<<<<
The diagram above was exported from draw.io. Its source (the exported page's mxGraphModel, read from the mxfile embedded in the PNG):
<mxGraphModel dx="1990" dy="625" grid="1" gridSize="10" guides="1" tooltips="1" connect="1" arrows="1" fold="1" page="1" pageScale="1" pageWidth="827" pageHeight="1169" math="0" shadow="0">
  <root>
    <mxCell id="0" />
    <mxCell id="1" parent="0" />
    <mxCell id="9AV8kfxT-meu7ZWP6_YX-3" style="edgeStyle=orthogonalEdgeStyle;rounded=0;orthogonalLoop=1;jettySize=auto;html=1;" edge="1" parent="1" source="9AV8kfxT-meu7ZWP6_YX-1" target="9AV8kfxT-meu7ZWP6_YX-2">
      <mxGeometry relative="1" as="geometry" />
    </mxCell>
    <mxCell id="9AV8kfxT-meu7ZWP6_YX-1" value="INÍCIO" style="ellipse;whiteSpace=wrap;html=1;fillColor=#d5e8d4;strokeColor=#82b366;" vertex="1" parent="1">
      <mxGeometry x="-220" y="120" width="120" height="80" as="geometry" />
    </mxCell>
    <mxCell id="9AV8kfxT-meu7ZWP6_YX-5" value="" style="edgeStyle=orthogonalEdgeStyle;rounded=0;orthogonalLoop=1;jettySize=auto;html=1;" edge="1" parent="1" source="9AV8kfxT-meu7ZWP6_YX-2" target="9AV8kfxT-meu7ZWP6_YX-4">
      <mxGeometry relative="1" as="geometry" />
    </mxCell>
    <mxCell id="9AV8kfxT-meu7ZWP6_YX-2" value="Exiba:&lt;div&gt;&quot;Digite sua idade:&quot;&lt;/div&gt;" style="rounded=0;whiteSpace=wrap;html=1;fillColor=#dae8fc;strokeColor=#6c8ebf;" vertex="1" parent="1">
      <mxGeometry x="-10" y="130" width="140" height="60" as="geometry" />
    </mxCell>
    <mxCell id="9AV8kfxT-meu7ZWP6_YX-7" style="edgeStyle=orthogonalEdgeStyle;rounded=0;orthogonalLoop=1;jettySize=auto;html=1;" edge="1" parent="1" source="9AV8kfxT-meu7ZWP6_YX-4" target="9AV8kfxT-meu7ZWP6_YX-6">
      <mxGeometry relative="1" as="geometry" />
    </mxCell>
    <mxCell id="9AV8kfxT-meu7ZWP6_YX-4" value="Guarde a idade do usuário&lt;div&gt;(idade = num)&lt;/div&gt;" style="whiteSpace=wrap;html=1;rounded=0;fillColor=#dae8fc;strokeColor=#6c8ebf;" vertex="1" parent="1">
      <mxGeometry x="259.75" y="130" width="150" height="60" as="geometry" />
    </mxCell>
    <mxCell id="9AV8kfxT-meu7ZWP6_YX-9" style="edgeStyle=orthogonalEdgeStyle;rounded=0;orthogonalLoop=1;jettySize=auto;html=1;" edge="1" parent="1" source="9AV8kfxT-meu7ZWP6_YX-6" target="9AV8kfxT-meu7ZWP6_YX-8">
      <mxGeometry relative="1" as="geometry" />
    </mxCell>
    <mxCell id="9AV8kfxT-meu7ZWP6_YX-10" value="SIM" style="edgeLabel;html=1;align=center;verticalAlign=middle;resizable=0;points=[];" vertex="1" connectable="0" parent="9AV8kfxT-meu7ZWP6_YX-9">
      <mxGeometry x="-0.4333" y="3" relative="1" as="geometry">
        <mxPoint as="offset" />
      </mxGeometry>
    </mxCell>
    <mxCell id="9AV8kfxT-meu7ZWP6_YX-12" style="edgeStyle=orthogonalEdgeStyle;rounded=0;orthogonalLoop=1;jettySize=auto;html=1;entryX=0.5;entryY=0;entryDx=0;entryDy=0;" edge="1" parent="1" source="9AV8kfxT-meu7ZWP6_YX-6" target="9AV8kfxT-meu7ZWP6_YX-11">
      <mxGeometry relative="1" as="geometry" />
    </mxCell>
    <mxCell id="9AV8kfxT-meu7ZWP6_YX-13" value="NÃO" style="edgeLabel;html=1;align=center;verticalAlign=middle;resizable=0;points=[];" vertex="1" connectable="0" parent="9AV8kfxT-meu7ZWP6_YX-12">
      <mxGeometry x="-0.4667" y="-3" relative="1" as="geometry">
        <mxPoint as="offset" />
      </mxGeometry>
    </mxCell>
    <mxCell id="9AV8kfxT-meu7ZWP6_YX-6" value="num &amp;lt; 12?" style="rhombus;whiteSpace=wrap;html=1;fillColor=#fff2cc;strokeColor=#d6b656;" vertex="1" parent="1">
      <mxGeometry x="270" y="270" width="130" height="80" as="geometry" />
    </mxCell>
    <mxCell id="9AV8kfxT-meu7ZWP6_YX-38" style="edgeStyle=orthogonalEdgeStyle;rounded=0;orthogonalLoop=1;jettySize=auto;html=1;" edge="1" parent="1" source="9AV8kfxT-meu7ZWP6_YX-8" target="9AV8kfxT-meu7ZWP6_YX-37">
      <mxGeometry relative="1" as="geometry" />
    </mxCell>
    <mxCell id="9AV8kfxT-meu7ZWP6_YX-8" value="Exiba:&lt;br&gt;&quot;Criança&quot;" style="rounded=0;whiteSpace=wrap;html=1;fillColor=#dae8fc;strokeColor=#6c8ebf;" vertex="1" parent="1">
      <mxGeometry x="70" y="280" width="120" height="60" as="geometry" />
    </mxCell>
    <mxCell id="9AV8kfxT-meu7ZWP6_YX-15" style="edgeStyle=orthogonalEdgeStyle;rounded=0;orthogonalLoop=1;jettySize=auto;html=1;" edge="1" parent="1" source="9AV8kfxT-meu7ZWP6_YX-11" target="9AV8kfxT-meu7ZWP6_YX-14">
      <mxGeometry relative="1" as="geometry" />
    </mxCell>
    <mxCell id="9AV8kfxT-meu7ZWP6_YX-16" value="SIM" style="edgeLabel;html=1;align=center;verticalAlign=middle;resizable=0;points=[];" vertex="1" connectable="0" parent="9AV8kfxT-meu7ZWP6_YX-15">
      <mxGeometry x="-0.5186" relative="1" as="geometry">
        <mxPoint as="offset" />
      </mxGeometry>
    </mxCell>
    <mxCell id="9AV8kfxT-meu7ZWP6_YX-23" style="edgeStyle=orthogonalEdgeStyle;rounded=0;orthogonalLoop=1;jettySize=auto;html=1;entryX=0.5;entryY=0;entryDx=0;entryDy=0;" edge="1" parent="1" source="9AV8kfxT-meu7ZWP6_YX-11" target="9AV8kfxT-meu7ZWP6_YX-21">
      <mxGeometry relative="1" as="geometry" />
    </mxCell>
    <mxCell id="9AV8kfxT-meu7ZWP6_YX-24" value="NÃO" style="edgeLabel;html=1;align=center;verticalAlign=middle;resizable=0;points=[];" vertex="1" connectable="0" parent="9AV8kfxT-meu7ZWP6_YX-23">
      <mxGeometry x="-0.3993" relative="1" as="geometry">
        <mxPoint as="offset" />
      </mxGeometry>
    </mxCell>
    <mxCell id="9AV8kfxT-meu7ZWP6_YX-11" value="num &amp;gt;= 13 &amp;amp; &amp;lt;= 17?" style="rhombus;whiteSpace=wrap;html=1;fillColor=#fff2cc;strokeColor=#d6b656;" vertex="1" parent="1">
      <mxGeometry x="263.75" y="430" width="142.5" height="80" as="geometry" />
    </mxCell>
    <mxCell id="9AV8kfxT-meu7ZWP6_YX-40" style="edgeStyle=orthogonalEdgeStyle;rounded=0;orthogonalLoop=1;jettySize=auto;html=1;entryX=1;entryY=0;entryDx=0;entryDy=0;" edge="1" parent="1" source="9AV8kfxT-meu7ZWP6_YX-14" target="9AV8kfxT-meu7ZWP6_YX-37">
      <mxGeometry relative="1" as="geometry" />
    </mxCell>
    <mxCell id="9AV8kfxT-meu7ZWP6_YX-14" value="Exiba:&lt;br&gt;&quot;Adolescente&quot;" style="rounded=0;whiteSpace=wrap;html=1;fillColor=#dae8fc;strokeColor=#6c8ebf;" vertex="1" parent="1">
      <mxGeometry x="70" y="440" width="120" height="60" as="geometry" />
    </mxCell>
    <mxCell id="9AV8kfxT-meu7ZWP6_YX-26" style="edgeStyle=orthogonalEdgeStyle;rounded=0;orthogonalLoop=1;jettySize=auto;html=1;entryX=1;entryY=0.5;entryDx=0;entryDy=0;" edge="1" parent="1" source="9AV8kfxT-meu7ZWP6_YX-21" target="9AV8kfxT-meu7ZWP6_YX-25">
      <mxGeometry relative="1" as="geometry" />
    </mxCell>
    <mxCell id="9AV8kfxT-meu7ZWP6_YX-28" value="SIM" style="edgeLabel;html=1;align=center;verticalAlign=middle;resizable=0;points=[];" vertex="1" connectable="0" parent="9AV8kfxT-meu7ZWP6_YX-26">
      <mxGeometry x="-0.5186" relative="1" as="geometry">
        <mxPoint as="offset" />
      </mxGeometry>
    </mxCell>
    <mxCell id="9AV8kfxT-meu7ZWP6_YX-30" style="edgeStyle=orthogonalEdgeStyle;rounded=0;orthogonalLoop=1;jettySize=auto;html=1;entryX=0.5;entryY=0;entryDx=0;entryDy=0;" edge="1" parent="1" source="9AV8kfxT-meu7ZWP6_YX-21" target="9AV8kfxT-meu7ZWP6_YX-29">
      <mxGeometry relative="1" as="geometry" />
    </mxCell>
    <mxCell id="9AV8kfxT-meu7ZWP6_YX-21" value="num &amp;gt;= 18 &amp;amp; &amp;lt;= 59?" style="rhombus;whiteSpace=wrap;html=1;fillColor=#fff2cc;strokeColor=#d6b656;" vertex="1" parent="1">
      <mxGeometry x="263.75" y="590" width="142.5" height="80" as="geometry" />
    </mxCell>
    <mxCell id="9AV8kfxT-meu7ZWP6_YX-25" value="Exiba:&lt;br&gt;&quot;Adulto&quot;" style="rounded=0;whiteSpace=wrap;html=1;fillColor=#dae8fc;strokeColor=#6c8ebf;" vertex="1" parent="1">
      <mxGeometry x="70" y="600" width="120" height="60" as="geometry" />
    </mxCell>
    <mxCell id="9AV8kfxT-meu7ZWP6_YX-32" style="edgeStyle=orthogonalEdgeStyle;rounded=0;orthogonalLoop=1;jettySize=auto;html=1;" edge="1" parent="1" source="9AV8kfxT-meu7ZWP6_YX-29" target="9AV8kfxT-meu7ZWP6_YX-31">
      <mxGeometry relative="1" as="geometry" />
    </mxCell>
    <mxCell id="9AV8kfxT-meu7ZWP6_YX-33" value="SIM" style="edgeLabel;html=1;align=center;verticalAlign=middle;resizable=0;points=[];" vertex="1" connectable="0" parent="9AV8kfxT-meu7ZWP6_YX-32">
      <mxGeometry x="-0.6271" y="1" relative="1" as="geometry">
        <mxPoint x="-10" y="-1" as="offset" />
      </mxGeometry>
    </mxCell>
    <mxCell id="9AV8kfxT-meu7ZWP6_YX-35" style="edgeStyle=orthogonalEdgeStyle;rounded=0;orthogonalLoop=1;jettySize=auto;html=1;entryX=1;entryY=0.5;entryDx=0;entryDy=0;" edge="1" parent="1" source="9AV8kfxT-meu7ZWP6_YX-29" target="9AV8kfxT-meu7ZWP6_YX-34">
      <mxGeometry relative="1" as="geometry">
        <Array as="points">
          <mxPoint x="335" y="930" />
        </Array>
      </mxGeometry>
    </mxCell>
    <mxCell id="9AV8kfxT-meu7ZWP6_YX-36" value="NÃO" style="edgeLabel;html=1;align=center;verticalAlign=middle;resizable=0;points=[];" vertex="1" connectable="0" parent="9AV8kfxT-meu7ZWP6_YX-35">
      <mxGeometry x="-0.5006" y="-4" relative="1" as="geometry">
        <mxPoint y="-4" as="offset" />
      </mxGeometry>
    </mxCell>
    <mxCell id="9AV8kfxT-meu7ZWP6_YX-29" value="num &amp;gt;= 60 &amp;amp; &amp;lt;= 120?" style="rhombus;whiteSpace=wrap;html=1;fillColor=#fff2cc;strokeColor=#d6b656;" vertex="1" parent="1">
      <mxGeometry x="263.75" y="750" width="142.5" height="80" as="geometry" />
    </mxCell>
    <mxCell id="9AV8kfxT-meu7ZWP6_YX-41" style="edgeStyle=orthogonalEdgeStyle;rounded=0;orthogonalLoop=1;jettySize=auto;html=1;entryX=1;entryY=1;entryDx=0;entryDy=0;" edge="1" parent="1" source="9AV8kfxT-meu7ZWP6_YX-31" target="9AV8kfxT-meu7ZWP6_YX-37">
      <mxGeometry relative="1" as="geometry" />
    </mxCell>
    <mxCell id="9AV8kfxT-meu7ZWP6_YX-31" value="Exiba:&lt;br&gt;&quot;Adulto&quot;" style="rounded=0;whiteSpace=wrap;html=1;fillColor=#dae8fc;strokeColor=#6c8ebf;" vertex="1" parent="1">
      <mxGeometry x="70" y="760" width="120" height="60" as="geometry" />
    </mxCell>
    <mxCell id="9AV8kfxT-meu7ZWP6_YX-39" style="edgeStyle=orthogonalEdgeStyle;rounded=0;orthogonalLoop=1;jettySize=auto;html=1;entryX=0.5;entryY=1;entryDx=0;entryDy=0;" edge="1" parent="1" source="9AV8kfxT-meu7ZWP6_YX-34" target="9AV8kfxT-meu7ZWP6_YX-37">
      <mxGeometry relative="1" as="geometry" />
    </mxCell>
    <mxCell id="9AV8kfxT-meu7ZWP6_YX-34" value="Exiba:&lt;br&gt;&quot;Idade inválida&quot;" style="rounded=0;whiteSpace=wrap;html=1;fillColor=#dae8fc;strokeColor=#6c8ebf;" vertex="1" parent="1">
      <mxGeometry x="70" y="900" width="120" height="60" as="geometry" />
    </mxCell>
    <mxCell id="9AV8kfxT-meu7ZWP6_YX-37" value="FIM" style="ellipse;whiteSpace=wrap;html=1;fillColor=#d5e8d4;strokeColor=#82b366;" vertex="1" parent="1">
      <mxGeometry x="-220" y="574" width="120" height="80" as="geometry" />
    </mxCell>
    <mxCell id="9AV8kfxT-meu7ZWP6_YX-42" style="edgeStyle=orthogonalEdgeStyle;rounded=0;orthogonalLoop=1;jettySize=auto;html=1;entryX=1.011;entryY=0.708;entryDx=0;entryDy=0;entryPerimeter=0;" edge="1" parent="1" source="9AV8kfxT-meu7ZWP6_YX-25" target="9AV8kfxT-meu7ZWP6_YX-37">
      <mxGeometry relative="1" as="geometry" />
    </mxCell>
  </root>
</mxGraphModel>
>>>>
TASK GOAL:
Copy each line above holding "page".

RESPONSE AREA:
The diagram above was exported from draw.io. Its source (the exported page's mxGraphModel, read from the mxfile embedded in the PNG):
<mxGraphModel dx="1990" dy="625" grid="1" gridSize="10" guides="1" tooltips="1" connect="1" arrows="1" fold="1" page="1" pageScale="1" pageWidth="827" pageHeight="1169" math="0" shadow="0">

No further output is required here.